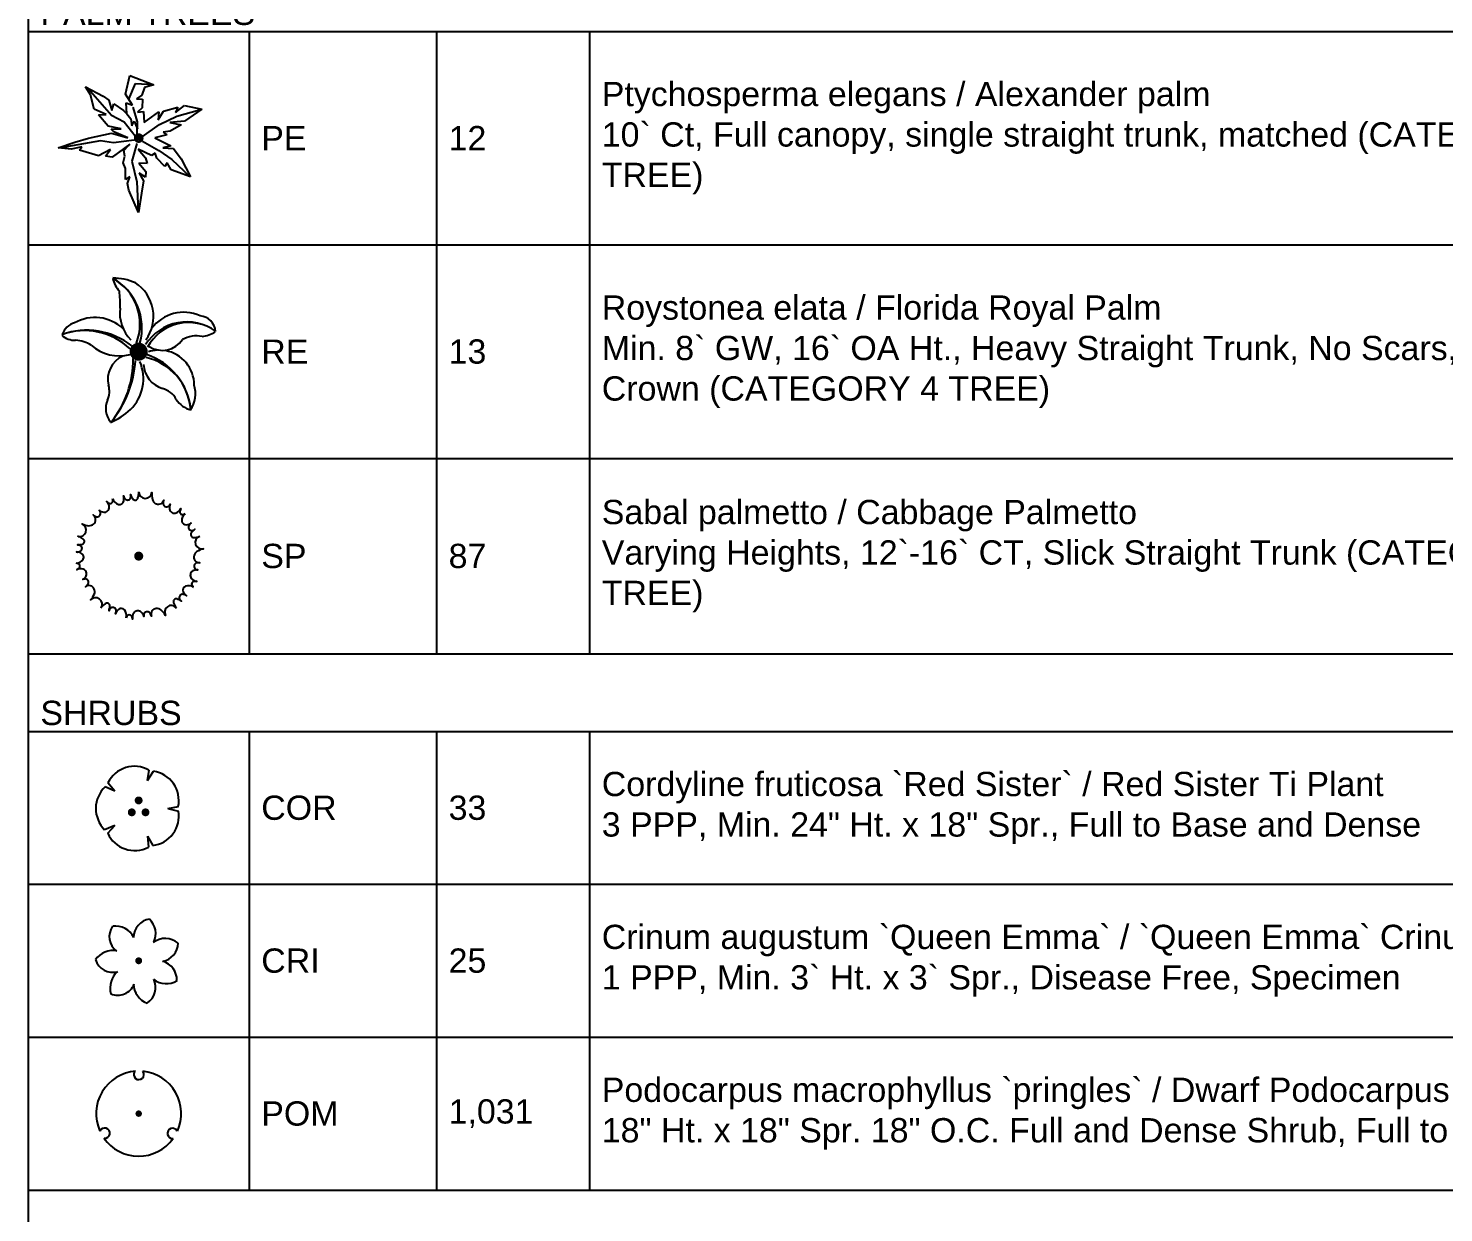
# Model space of a CAD drawing. Header units: feet. Extents: x 919634 to 928945, y 707022 to 708026.
# Drawn here: x 919633.8 to 919750.4, y 707335.8 to 707433.4 of the extents above; entities that cross this region are included whole.
import ezdxf

# ---------------------------------------------------------------- set-up
doc = ezdxf.new("R2010")
doc.units = ezdxf.units.FT
doc.header["$LTSCALE"] = 20
doc.header["$MEASUREMENT"] = 0
for name, color, linetype in [('L-SCHD-TEXT-035M', 7, 'Continuous'), ('LK-SHRB-035M', 4, 'Continuous'), ('LK-SHRB-TRNK', 3, 'Continuous'), ('LK-TREE-013M', 6, 'Continuous'), ('LK-TREE-025M', 2, 'Continuous'), ('LK-TREE-035M', 123, 'Continuous'), ('LK-TREE-050M', 2, 'Continuous'), ('LK-TREE-TRNK', 32, 'Continuous')]:
    doc.layers.add(name, color=color, linetype=linetype)
doc.styles.add('SCHEDULE HEADER', font='arial.ttf')
doc.styles.add('SCHEDULE TEXT', font='arial.ttf')
doc.styles.add('SCHEDULE TITLE', font='arial.ttf')

# ---------------------------------------------------------------- blocks, each defined once
blk = doc.blocks.new('*T205')
at = {"layer": 'L-SCHD-TEXT-035M', "color": 0, "linetype": 'ByBlock', "lineweight": -2, "transparency": 16777216}
for p, q in [((0, 0), (178.84, 0)), ((0, 0), (0, -631.54)), ((178.84, 0), (178.84, -631.54)), ((0, -7.2), (178.84, -7.2)), ((18.2, -7.2), (18.2, -13.72)), ((33.64, -7.2), (33.64, -13.72)), ((46.26, -7.2), (46.26, -13.72)), ((131.68, -7.2), (131.68, -13.72)), ((145.4, -7.2), (145.4, -13.72)), ((0, -13.72), (178.84, -13.72)), ((0, -20.13), (178.84, -20.13)), ((18.2, -20.13), (18.2, -214.23)), ((33.64, -20.13), (33.64, -214.23)), ((46.26, -20.13), (46.26, -214.23)), ((131.68, -20.13), (131.68, -214.23)), ((145.4, -20.13), (145.4, -214.23)), ((0, -39.03), (178.84, -39.03)), ((0, -56.63), (178.84, -56.63)), ((0, -74.23), (178.84, -74.23)), ((0, -93.13), (178.84, -93.13)), ((0, -109.23), (178.84, -109.23)), ((0, -125.33), (178.84, -125.33)), ((0, -144.23), (178.84, -144.23)), ((0, -160.33), (178.84, -160.33)), ((0, -179.23), (178.84, -179.23)), ((0, -195.33), (178.84, -195.33)), ((0, -214.23), (178.84, -214.23)), ((0, -220.63), (178.84, -220.63)), ((18.2, -220.63), (18.2, -271.93)), ((33.64, -220.63), (33.64, -271.93)), ((46.26, -220.63), (46.26, -271.93)), ((131.68, -220.63), (131.68, -271.93)), ((145.4, -220.63), (145.4, -271.93)), ((0, -238.23), (178.84, -238.23)), ((0, -255.83), (178.84, -255.83)), ((0, -271.93), (178.84, -271.93)), ((0, -278.33), (178.84, -278.33)), ((18.2, -278.33), (18.2, -316.13)), ((33.64, -278.33), (33.64, -316.13)), ((46.26, -278.33), (46.26, -316.13)), ((131.68, -278.33), (131.68, -316.13)), ((145.4, -278.33), (145.4, -316.13)), ((0, -290.93), (178.84, -290.93)), ((0, -303.53), (178.84, -303.53)), ((0, -316.13), (178.84, -316.13)), ((0, -322.53), (178.84, -322.53)), ((18.2, -322.53), (18.2, -448.53)), ((33.64, -322.53), (33.64, -448.53)), ((46.26, -322.53), (46.26, -448.53)), ((131.68, -322.53), (131.68, -448.53)), ((145.4, -322.53), (145.4, -448.53)), ((0, -335.13), (178.84, -335.13)), ((0, -347.73), (178.84, -347.73)), ((0, -360.33), (178.84, -360.33)), ((0, -372.93), (178.84, -372.93)), ((0, -385.53), (178.84, -385.53)), ((0, -398.13), (178.84, -398.13)), ((0, -410.73), (178.84, -410.73)), ((0, -423.33), (178.84, -423.33)), ((0, -435.93), (178.84, -435.93)), ((0, -448.53), (178.84, -448.53)), ((0, -454.93), (178.84, -454.93)), ((18.2, -454.93), (18.2, -505.33)), ((33.64, -454.93), (33.64, -505.33)), ((46.26, -454.93), (46.26, -505.33)), ((131.68, -454.93), (131.68, -505.33)), ((145.4, -454.93), (145.4, -505.33)), ((0, -467.53), (178.84, -467.53)), ((0, -480.13), (178.84, -480.13)), ((0, -492.73), (178.84, -492.73)), ((0, -505.33), (178.84, -505.33)), ((0, -511.73), (178.84, -511.73)), ((18.2, -511.73), (18.2, -599.93)), ((33.64, -511.73), (33.64, -599.93)), ((46.26, -511.73), (46.26, -599.93)), ((131.68, -511.73), (131.68, -599.93)), ((145.4, -511.73), (145.4, -599.93)), ((0, -524.33), (178.84, -524.33)), ((0, -536.93), (178.84, -536.93)), ((0, -549.53), (178.84, -549.53)), ((0, -562.13), (178.84, -562.13)), ((0, -574.73), (178.84, -574.73)), ((0, -587.33), (178.84, -587.33)), ((0, -599.93), (178.84, -599.93)), ((0, -606.34), (178.84, -606.34)), ((18.2, -606.34), (18.2, -631.54)), ((33.64, -606.34), (33.64, -631.54)), ((46.26, -606.34), (46.26, -631.54)), ((131.68, -606.34), (131.68, -631.54)), ((145.4, -606.34), (145.4, -631.54)), ((0, -618.94), (178.84, -618.94)), ((0, -631.54), (178.84, -631.54))]:
    blk.add_line(p, q, dxfattribs=at)
at = {"layer": 'L-SCHD-TEXT-035M', "color": 0, "transparency": 16777216, "char_height": 2}
for s, insert, width, attachment_point, style in [('^JSYMBOL', (1, -13.22), 16.2, 7, 'SCHEDULE HEADER'), ('^JCODE', (19.2, -13.22), 13.4366, 7, 'SCHEDULE HEADER'), ('^JQTY', (34.64, -13.22), 10.6194, 7, 'SCHEDULE HEADER'), ('^JBOTANICAL / COMMON NAME', (47.26, -13.22), 83.4216, 7, 'SCHEDULE HEADER'), ('^JNATIVE', (132.68, -13.22), 11.7244, 7, 'SCHEDULE HEADER'), ('^JDROUGHT TOLERANT', (146.4, -13.22), 31.4338, 7, 'SCHEDULE HEADER'), ('^JTREES', (1, -19.63), 176.8357, 7, 'SCHEDULE HEADER'), ('Bursera simaruba / Gumbo Limbo^JMin. 12` Ht. x 5` Spr. 2" Cal., 6\' c.t., Single Straight Trunk, Full Canopy (CATEGORY 1 TREE)', (47.26, -29.58), 83.4216, 4, 'SCHEDULE TEXT'), ('BU', (19.2, -29.58), 13.4366, 4, 'SCHEDULE TEXT'), ('30', (34.64, -29.58), 10.6194, 4, 'SCHEDULE TEXT'), ('Yes', (132.68, -29.58), 11.7244, 4, 'SCHEDULE TEXT'), ('Yes', (146.4, -29.58), 31.4338, 4, 'SCHEDULE TEXT'), ('Clusia rosea / Pitch Apple^JMin. 10` Ht. x 4` Spr. 2" Cal. 5\' c.t. Single Straight Trunk, Full Canopy (CATEGORY 2 TREE)', (47.26, -47.83), 83.4216, 4, 'SCHEDULE TEXT'), ('CR', (19.2, -47.83), 13.4366, 4, 'SCHEDULE TEXT'), ('13', (34.64, -47.83), 10.6194, 4, 'SCHEDULE TEXT'), ('Yes', (132.68, -47.83), 11.7244, 4, 'SCHEDULE TEXT'), ('Yes', (146.4, -47.83), 31.4338, 4, 'SCHEDULE TEXT'), ('Coccoloba diversifolia / Pigeon Plum^JMin. 10` Ht. x 4` Spr., 2" Cal., 5\' c.t., Single Straight Trunk, Full Canopy (CATEGORY 2 TREE)', (47.26, -65.43), 83.4216, 4, 'SCHEDULE TEXT'), ('CO', (19.2, -65.43), 13.4366, 4, 'SCHEDULE TEXT'), ('10', (34.64, -65.43), 10.6194, 4, 'SCHEDULE TEXT'), ('Yes', (132.68, -65.43), 11.7244, 4, 'SCHEDULE TEXT'), ('Yes', (146.4, -65.43), 31.4338, 4, 'SCHEDULE TEXT'), ('Conocarpus erectus / Green Buttonwood^JMin. 12` Ht. x 5` Spr., 2.5" Cal., 6\' c.t., Single Straight Trunk, Full Canopy (CATEGORY 1 TREE)', (47.26, -83.68), 83.4216, 4, 'SCHEDULE TEXT'), ('CE', (19.2, -83.68), 13.4366, 4, 'SCHEDULE TEXT'), ('41', (34.64, -83.68), 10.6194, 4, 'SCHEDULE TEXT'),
....................
AIM OF THE TASK
Among the lines of the data above, some may hold the word "units"; report how many, as a single number.

SOLUTION
2